Kinsella`s Cantos:

Dream Canto 1: Egotistical Sublime
They dream ocean currents here: landlocked,
low-rise valley, foot of purgatory
tidal and exposed to the drag of planets.
Farmers travel to Albany for holidays,
and the Southern Ocean pounds and grinds
continental granite, contorted vegetation
low to fronts always crossing, brushing...
a five-hour drive a stone’s throw away,
the white-sand beaches of Frenchman’s Bay,
white-pointers cruising deep waters
malodorous with sea shanties. Sometimes,
after retirement, it’s the Greek islands,
or the Peloponnese or Sicily... and these coastlines
also gnaw as pain and salvation, a nervous tic,
yes, yes... our paddocks were salt-water and krill.
Dream Canto 2: Climbing the Outcrop, the Calenture, Bare Feet...
“Già monavam su per li scaglion santi
Ed esser mi parea troppo più lieve
Che per lo pian non mi parea diavanti”
[We now were hunting up the sacred stairs,
And it appeared to me by far more easy
Than on the plain it had appeared before.]
lines 115-117, Canto 12, Purgatorio
Denim jeans tucked into work boots, partially
gripping the rocky outcrop; we slip and conjure
aspirations of bare feet, wrapped
about stone and root, the valley flooded
with water fresh as quartz.
A local wind sweeps the crest,
clouds of locusts high-tailing it to green fringes.
Bare feet have us possessed.
We try taking the summit with boots off.
Skin glows like morning, then a bloody sunset.
The locusts are angels and our feet their purpose.
Rare trees die as we profane the terrain.
Ants test any willing suspension of disbelief
our oxygenated lungs trick us into: inside our boots
damaged feet have no redress, no peace.
Canto of the Leaves (Empyrean)
“Così la neve al sol si disigilla;
così al vent one le foglie levi
si perdea la sentenza di Sibilla.”
[Even thus the snow is in the sun unsealed,
Even thus upon the wind in the light leaves
Were the soothsayings of the Sibyl lost.]
lines 64-66, Canto 33, Paradiso
Solvent light on leaves.
She barely sees surfaces,
barely breaks through epidermis
to mesophyll, following
prosody of vascular tissue;
she signs with leaf scale,
rust, mildew, epinasty,
and those fallen in late summer —
dry curvilinear graph paper,
each miniscule frame blown out,
hot easterlies blasting over
vast, naked sandplain,
rocking skyscraper haystacks
to sway breaking wave
and collapse, burst out
like countersignatures.
Leaves flutter down
from dying crowns,
snowflakes she recalls
from frozen regions: each death
perfect and different
as the next. No rain
will come. No fresh leaves
burgeon. No gyres
made entire.

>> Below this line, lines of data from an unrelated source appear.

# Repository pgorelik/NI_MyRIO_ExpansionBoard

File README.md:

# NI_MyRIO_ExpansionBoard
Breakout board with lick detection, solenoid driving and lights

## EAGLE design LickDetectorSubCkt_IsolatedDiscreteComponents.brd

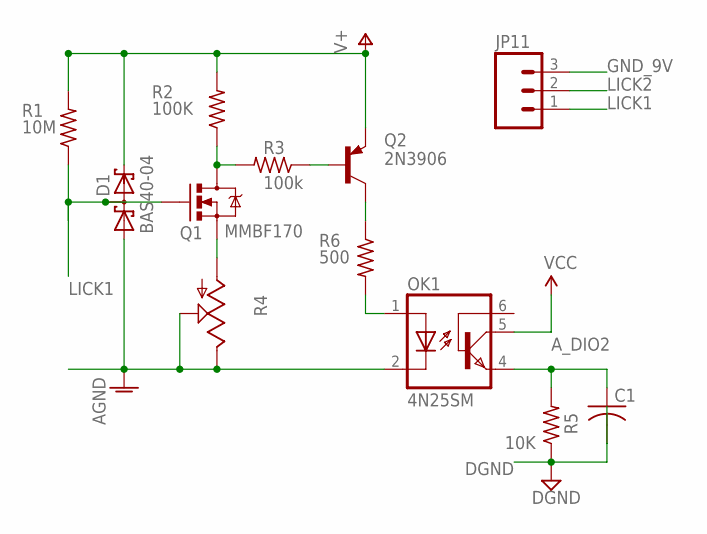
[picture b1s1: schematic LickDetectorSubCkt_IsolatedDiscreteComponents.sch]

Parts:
C1: C-US025-024X044; C025-024X044
D1: BAS40-04; SOT23
JP11: M03POLAR; MOLEX-1X3
OK1: 4N25SM; DIL6-SMD
Q1: MMBF170; SOT23-3
Q2: 2N3906; SOT23-BEC
R1: 10M; 0805S
R2: 100K; 0805S
R3: 100k; 0805S
R4: TRIM_US-B25P; B25P
R5: 10K; 0805S
R6: 500; 0805S

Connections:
AGND: D1.1 (A1), OK1.2 (C), R4.E, R4.S
A_DIO2: C1.1, OK1.4 (EMI), R5.2
DGND: C1.2, R5.1
GND_9V: JP11.3
LICK1: D1.3 (C1A2), JP11.1, Q1.1 (G), R1.1
LICK2: JP11.2
unnamed: Q1.2 (S), R4.A
unnamed: Q1.3 (D), R2.1, R3.2
unnamed: Q2.B, R3.1
unnamed: OK1.1 (A), R6.2
unnamed: Q2.C, R6.1
V+: D1.2 (C2), Q2.E, R1.2, R2.2
VCC: OK1.5 (COL)

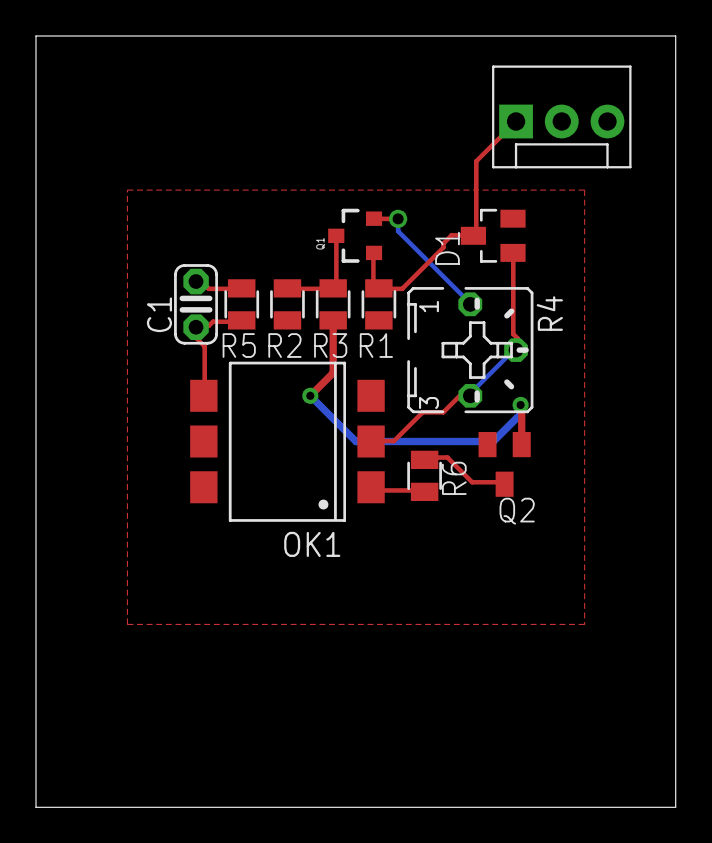
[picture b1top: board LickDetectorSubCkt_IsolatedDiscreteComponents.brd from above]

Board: 2 copper layers, 35.5 x 42.9 mm, 12 parts (0 on the bottom side), 10 nets.

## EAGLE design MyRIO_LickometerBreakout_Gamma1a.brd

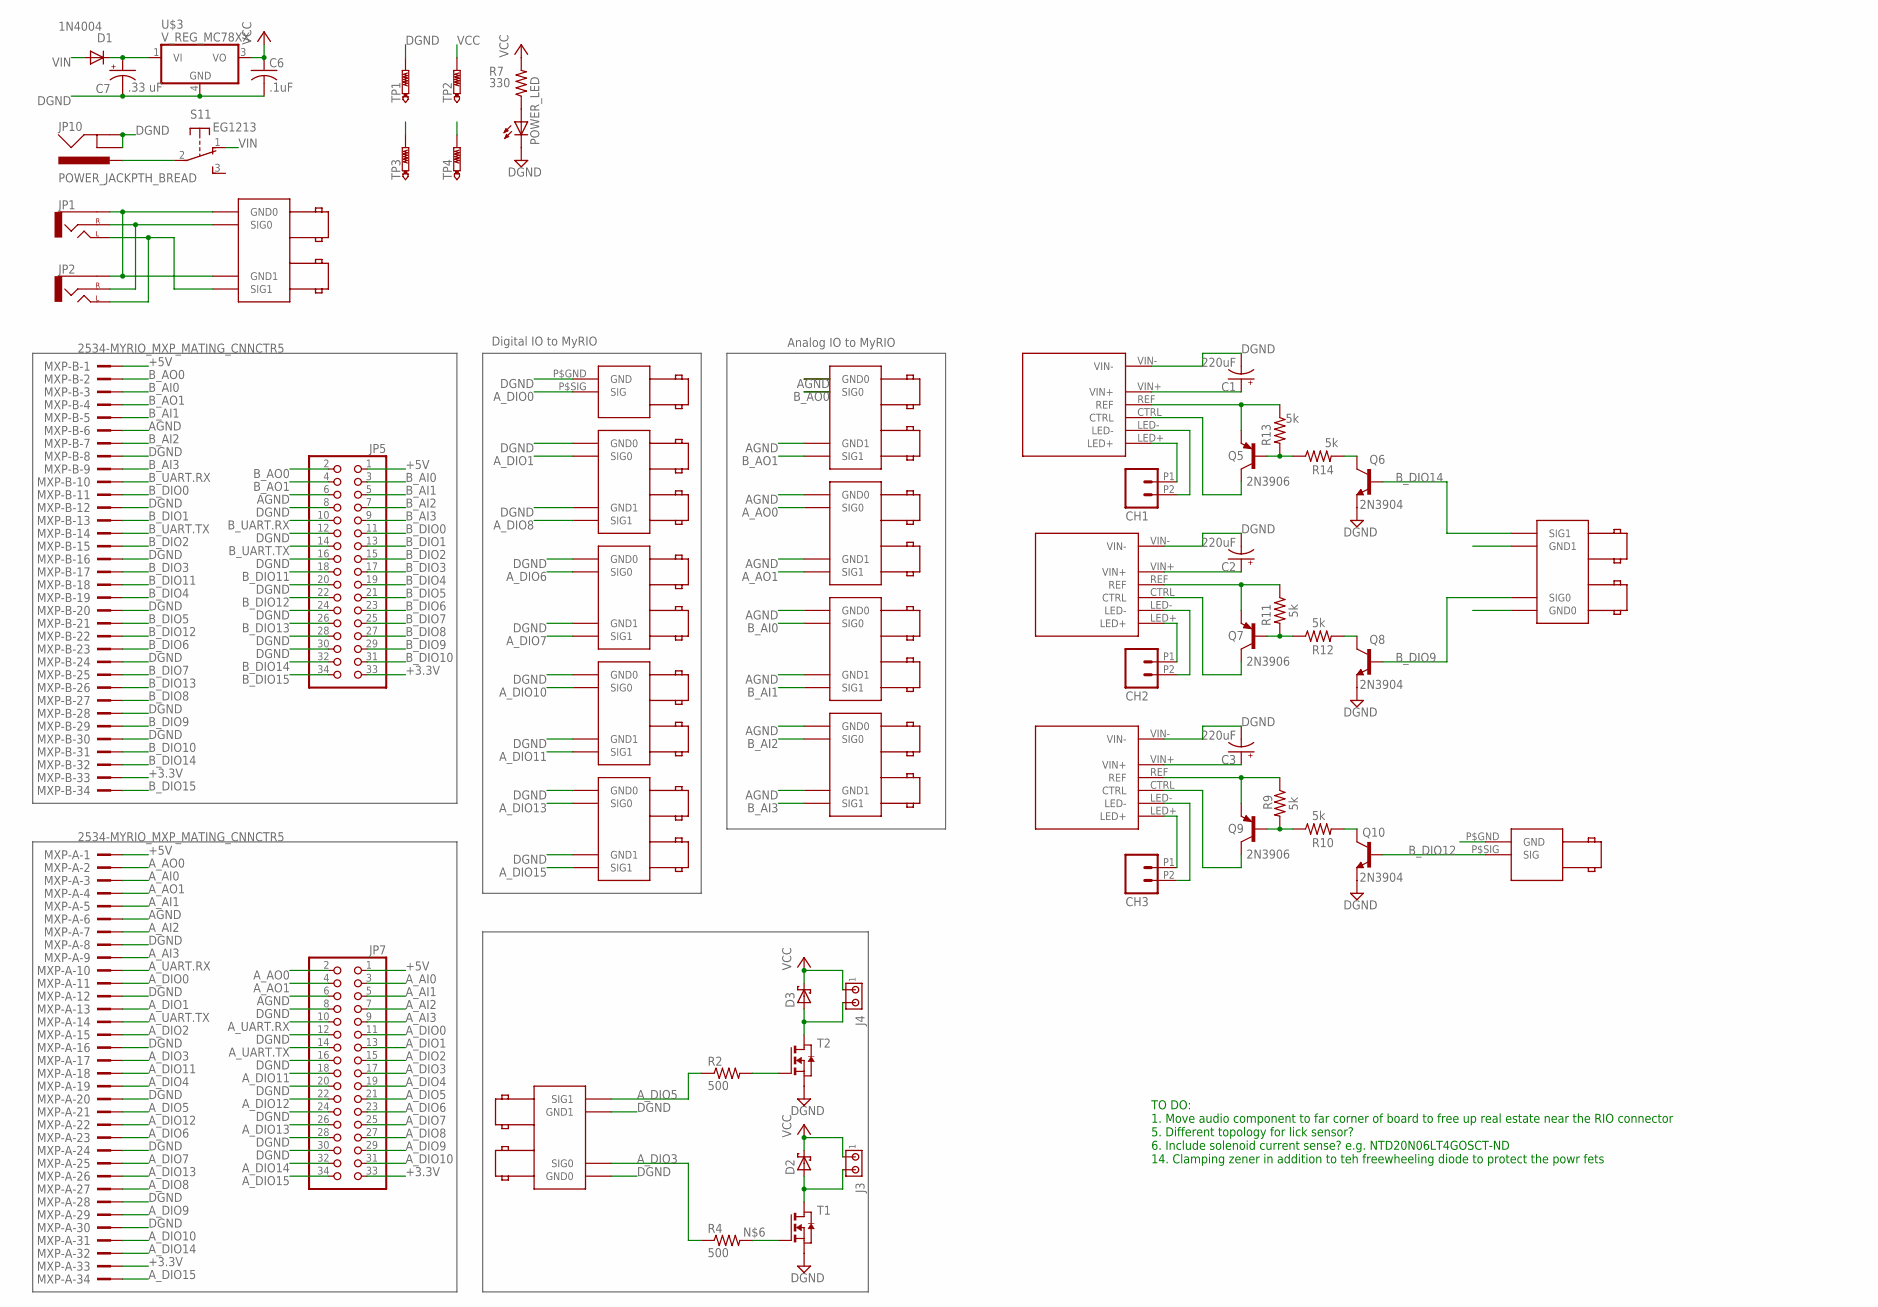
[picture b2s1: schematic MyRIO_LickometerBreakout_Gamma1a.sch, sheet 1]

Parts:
AAO_0,1: BNC_RIGHT_ANGLE_DOUBLE
ACTV_REC: BNC_RIGHT_ANGLE
AUDIO: BNC_RIGHT_ANGLE_DOUBLE
BAI_0,1, BAI_2,3: BNC_RIGHT_ANGLE_DOUBLE
BAO_0,1: BNC_RIGHT_ANGLE_DOUBLE
BUCKPUCK1, BUCKPUCK2, BUCKPUCK3: BUCKPUCK-350-I; BUCKPUCK_I
C1, C2, C3: 220uF; E5-10,5
C6: .1uF; C0805
C7: .33 uF; E2,5-5
CAMERA: BNC_RIGHT_ANGLE_DOUBLE
CH1, CH2, CH3: M022.54MM_SCREWTERM; 1X02_2.54_SCREWTERM
D1: 1N4004; DO41-10
D2, D3: SCHOTTKY-DIODE; DIODE_SMB
D_FREE1_2, D_FREE3_4: BNC_RIGHT_ANGLE_DOUBLE
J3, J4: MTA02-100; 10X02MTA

She
scatters her verses
to blaze, to melt,
crumble always,
the infinitive,
a future.
Canto — Evening
And so I went to the dip in the land
and awaited the shade, sunset stretched
as autumn, catching bare steel sharply,
limp deflection off painted iron, the child’s swing
buckling sideways with the cross-breeze, discarded
cotton bud unwinding on its stem
near the clothesline; across the windscreen
of the stranded Rodeo ute, block-mounted,
a ruby and emerald light skitters
like an advertising logo, a ring of truth
in thin wafts of smoke we barely sense as danger
despite a combustive dry, past witnessings
of what follows such a herald; scrunched
against the stubble, barely-established York gums
speed up their dying, termites mewing,
scorpions, tails up, glowing with the infra red
of prayers, inflicted as we expect infliction
of suffering — to pass, as night will pass...
and light return, the stomach hollow
as night feeders search out day-shade, sleeping,
digesting without a shred of guilt,
a ring of ‘Beati misericordes’ sounding tangents
to our encirclings, heading up the laneway,
up to the road reserve where kangaroos
gingerly graze and black-faced cuckoo shrikes
strike at lifting butterflies, rip into the young
of nearby species, maybe wagtails’, those up-lifters.
Rapture of the cluster (Doré’s Cross)
Down the track, brilliantly satisfying
mind-wheels, borrowings of pleasure
that spin chrome and sunlight glinting
from its centre. I am here, the axle,
the hub of a flooded estate, water up
and seagulls clustering like angels
around the lighthouse. Below ground, caves
glimmer their bold delicacies: cautious
and sumptuous, the drip-down, solvents
of flight. Out to sea, off the cape,
rainclouds adhere to the swell, and birds
join at the wings making light
where the sun is, should be. Soothed
despite the gale, waves smashing rough rocks
below the lookout, you stand firm
and seals gambol in pools of relative calm,
as if watching the birds perform
their rites of storm, instinct to fill the sky.